Not surprisingly, Mbeki’s neoliberal inclinations have copped little criticism outside South Africa. The same cannot be said about his bizarre attitude towards Aids: he has consistently held that the connection between the deadly disease and the HIV virus is a convenient figment of Big Pharma’s imagination, and that those who insist otherwise are casting aspersions on African culture. The rapaciousness of leading pharmaceutical multinationals is not in doubt, but the broad consensus among medical scientists on the HIV-Aids link can hardly be ignored.
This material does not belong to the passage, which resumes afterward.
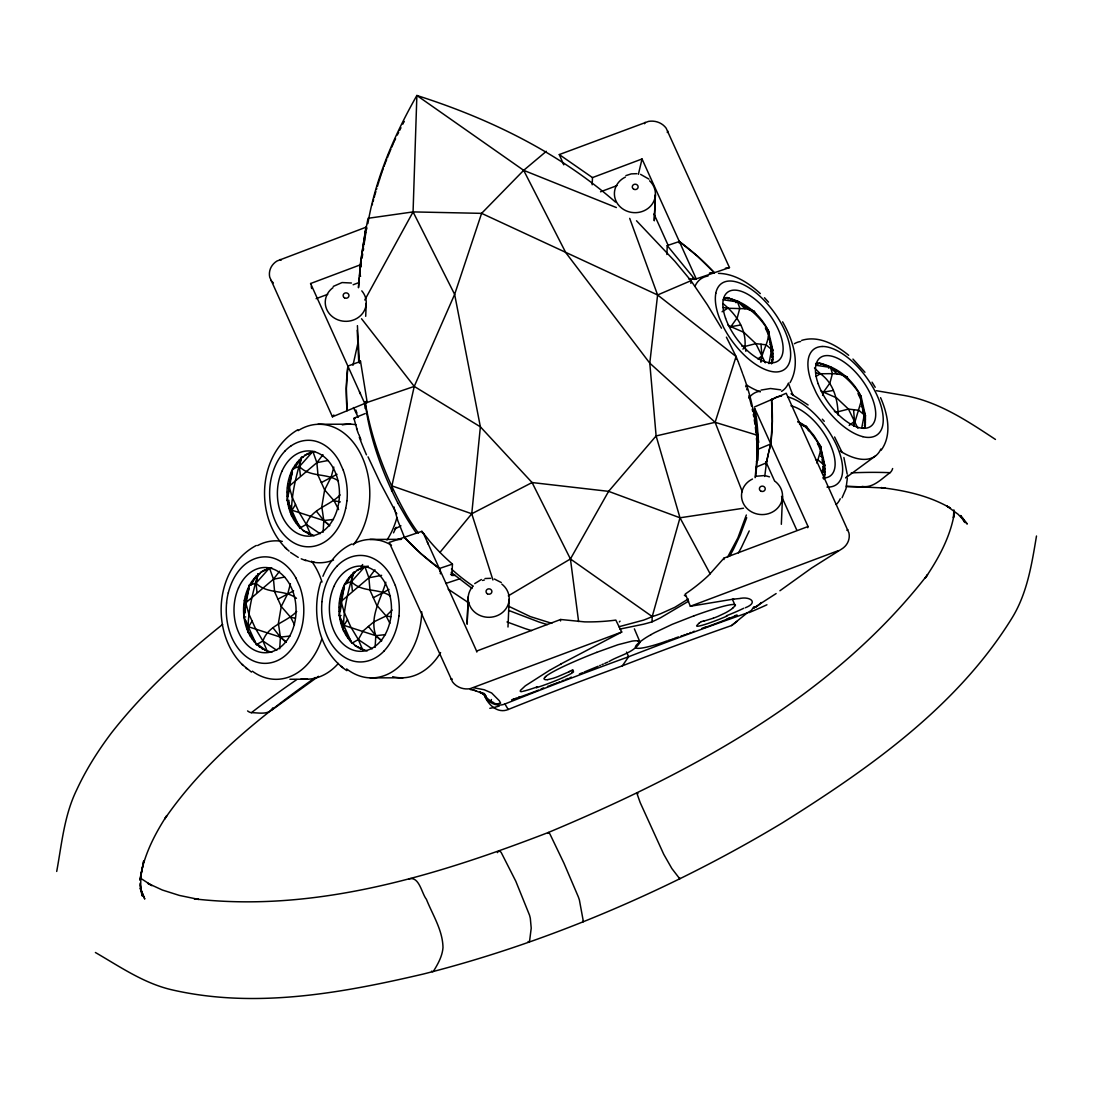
<?xml version="1.0" encoding="UTF-8"?>
<svg xmlns="http://www.w3.org/2000/svg" width="1094" height="1094" viewBox="0 0 1094 1094"><rect width="100%" height="100%" fill="white"/><g stroke="black" fill="none" stroke-linecap="round" stroke-linejoin="round"><path stroke-width="1.5" d="M271.791 652.311C234.225 643.655 234.116 576.565 271.736 567.704M314.169 535.745C277.808 525.612 277.821 460.519 314.634 451.439M367.201 650.889C329.212 642.233 329.581 573.584 368.268 566.131M768.521 333.916L768.535 331.14C760.221 313.937 743.127 299.77 724.05 297.595M820.514 451.836L820.541 446.284L814.059 435.754L806.415 426.551L798.1 421.532M861.101 402.154L861.128 396.602C852.828 379.399 835.72 365.232 816.644 363.058L815.591 363.837M771.543 363.878C775.55 353.321 770.299 341.615 768.535 331.14L766.183 328.706M823.55 479.022C827.556 468.464 822.305 456.759 820.541 446.284L818.189 443.849M863.453 428.233L865.272 426.892L865.436 415.775L861.128 396.602L858.79 394.168M364.781 299.988L413.067 211.908L416.869 95.479C488.963 118.398 558.172 152.093 615.484 202.062M563.738 164.825L559.294 154.569L648.482 121.407A17.176 15.767 2.4 0 1 666.15 128.189L729.466 267.606L714.355 272.734L697.657 256.352L679.333 241.514L667.231 245.589L666.902 254.492M360.432 361.43L347.878 366.093L346.319 388.37L347.14 410.742A249.87 229.48 2.5 0 1 346.429 399.57A250.061 229.658 2.5 0 1 347.878 366.093L348.097 367.092M467.111 623.881L468.177 597.734M360.651 276.167L359.721 276.249L360.199 264.885L365.943 227.237L277.014 261.001A17.176 15.767 2.4 0 0 269.726 277.165L332.439 416.8L367.201 402.455L360.446 360.842M367.857 223.6C375.57 178.377 394.237 135.273 416.869 95.479L523.67 170.336L616.373 207.559M365.697 316.316L366.244 303.243M397.997 503.322C381.943 471.664 369.307 437.094 365.095 401.895M391.652 491.165L391.884 485.859L414.243 386.414L454.639 294.382L481.606 213.357L523.67 170.336L546.344 151.3M467.124 623.826L468.246 596.777M507.985 627.012L509.175 599.225M560.593 620.954L560.648 619.491L584.593 621.871A191.053 175.478 2.4 0 0 615.813 620.093L621.72 632.045L560.607 664.126M592.169 184.79L592.469 177.597L559.294 154.569M654.28 220.701L655.347 195.525M619.86 629.091L643.422 624.236A137.338 65.462 -5.5 0 0 651.997 621.857L652.215 616.565L679.989 517.79L656.113 435.932L649.781 363.153L657.603 294.97L629.706 218.362M690.875 283.346L690.984 280.693L674.861 261.302L636.517 220.769M723.954 559.567L724.009 558.104L808.056 526.529L754.887 408.746L756.501 418.687A224.858 206.52 2.4 0 1 758.005 449.278M735.961 359.174L736.071 356.521L726.402 337.157M755.503 477.066C760.152 442.468 755.27 407.173 742.963 374.572M756.446 461.408L757.568 460.574L758.033 449.278L770.778 443.959L772.323 421.669L771.516 399.31L771.407 400.472M781.335 524.299L782.525 496.498M654.28 220.496L655.402 194.582M455.282 575.43L451.918 575.43L452.451 564.107A224.858 206.52 2.4 0 1 429.901 541.421L421.887 531.328L389.19 542.446L452.519 681.849A17.176 15.767 2.4 0 0 470.174 688.659L621.72 632.045M279.708 648.81L280.392 637.118L278.396 623.307L281.254 606.486L287.845 593.413L290.443 583.663M323.113 532.245L323.797 520.553L321.786 506.741L324.644 489.921L331.236 476.847L333.834 467.083M375.119 647.388L375.803 635.696L368.446 626.438L373.792 621.884L386.127 615.949L392.117 610.055M953.9 509.9L953.394 517.763L954.392 512.949C950.399 536.839 938.611 558.46 925.114 578.261L927.548 574.692C832.083 697.685 689.329 773.39 548.217 832.534C436.068 875.679 315.66 912.793 194.294 898.858L198.643 899.405L179.43 895.439L162.391 890.037L147.608 883.241L151.888 885.62L140.907 878.441M847.33 478.365L845.977 488.827L842.079 497.729M358.545 287.407L359.379 277.63M243.894 612.777L244.919 612.777L245.726 601.686M288.255 494.816L289.131 485.121M339.29 611.355L340.316 611.355L341.137 600.264M766.497 462.324L764.747 476.451M364.124 244.687L365.943 227.237M492.929 579.984L471.76 513.756L480.375 426.824L454.639 294.382L413.067 211.908L368.076 218.294A408.418 265.938 -62 0 0 358.435 287.708M359.529 276.126L359.83 273.131M359.721 276.249L359.926 274.403M246.191 598.979L249.008 588.695L247.982 588.695M289.582 482.413L292.399 472.129L291.387 472.129M341.588 597.556L343.899 588.517M360.5 267.168L361.047 262.724M264.857 650.397L265.869 650.397L258.157 644.639L256.393 644.653L243.88 616.934L249.268 585.194L256.023 583.102L258.129 573.83L259.88 573.83M301.547 528.074L299.797 528.074L287.271 500.368L292.672 468.629L299.428 466.523L301.52 457.265L303.284 457.265M353.553 643.217L351.803 643.217L339.277 615.512L344.678 583.772L351.434 581.68L353.526 572.408L355.29 572.408M360.815 267.032L361.307 263.353M361.635 258.293L362.374 253.152M755.147 477.681L757.089 456.581L756.829 435.097L715.12 422.311L649.781 363.153L565.762 252.618L523.67 170.336M362.114 257.842L362.675 254.177M362.702 250.95L363.536 245.849M735.086 605.42L734.771 606.226M741.828 346.142L744.987 346.415L755.858 343.625L761 344.241L761.889 355.892L760.863 362.141C761.643 351.406 769.506 342.107 768.535 331.14C759.332 315.236 744.782 303.27 726.84 297.445L725.021 298.785M834.435 411.604L837.58 411.877L848.465 409.088L853.594 409.703L854.482 421.354L853.717 426.045L861.293 400.76L861.128 396.602C851.925 380.698 837.389 368.733 819.433 362.907L817.615 364.247M363.769 244.4L364.671 239.326M363.276 250.512L363.591 248.68M56.71 871.439C61.77 844.035 64.177 815.563 76.566 790.155C85.961 769.752 98.009 750.744 111.52 732.83C143.533 691.928 182.178 656.769 222.615 624.4M352.979 365.287L358.08 342.367M364.931 237.877L366.052 232.133M1036.497 536.005C1031.697 564.613 1027.17 593.919 1011.43 618.944C956.607 707.134 869.046 768.467 782.579 822.743C718.881 861.101 652.038 894.154 583.034 921.832C530.973 942.659 477.627 960.327 423.241 974.057C341.738 993.092 255.586 1008.9 172.578 989.974C144.23 983.615 120.149 966.809 95.397 952.505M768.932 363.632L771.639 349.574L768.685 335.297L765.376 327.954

As a cavalier intellectual position, it may have had no more than curiosity value, but Mbeki actually denied South Africans free access to anti-retroviral medicines — a decision that is believed to have cost thousands of lives, including those of infants born with HIV. Cape Town’s Anglican archbishop Njogonkulu Ndungane said the official approach was “as serious a crime against humanity as apartheid”. Aids researcher and former Mbeki confidant Malegaparu Makgoba said the government’s denialist tendency amounted to genocide. Schoolchildren reportedly dubbed Mbeki ‘Comrade Undertaker’. And since he retired as president nine years ago, Mandela has been devoting a substantial proportion of his energies to raising awareness of Aids and funds for research.

Mbeki’s exit last week was followed by that of his health minister, Manto Tshabalala-Msimang, who held that garlic and lemon juice was a suitable remedy for the affliction. Her successor, fortunately, does not share those views. On this front, at least, some improvement can be expected in South Africa. More broadly, it would be futile to count on fundamental changes. Although Zuma has enjoyed the backing of forces that opposed Mbeki’s economic priorities, including the Communist Party and the powerful trade union federation Cosatu, their ability to influence the ANC’s direction amid its ongoing factional squabbles remains questionable.

When it comes, history’s verdict on the man who said he wanted not only to transform his own country but to usher in a golden era throughout Africa is unlikely to be complimentary, and may even be considerably harsh. At best he could be perceived as a fatally flawed tragic hero. For the moment, two words will suffice as a political epitaph that could double as an interim verdict on the ANC: wasted opportunities.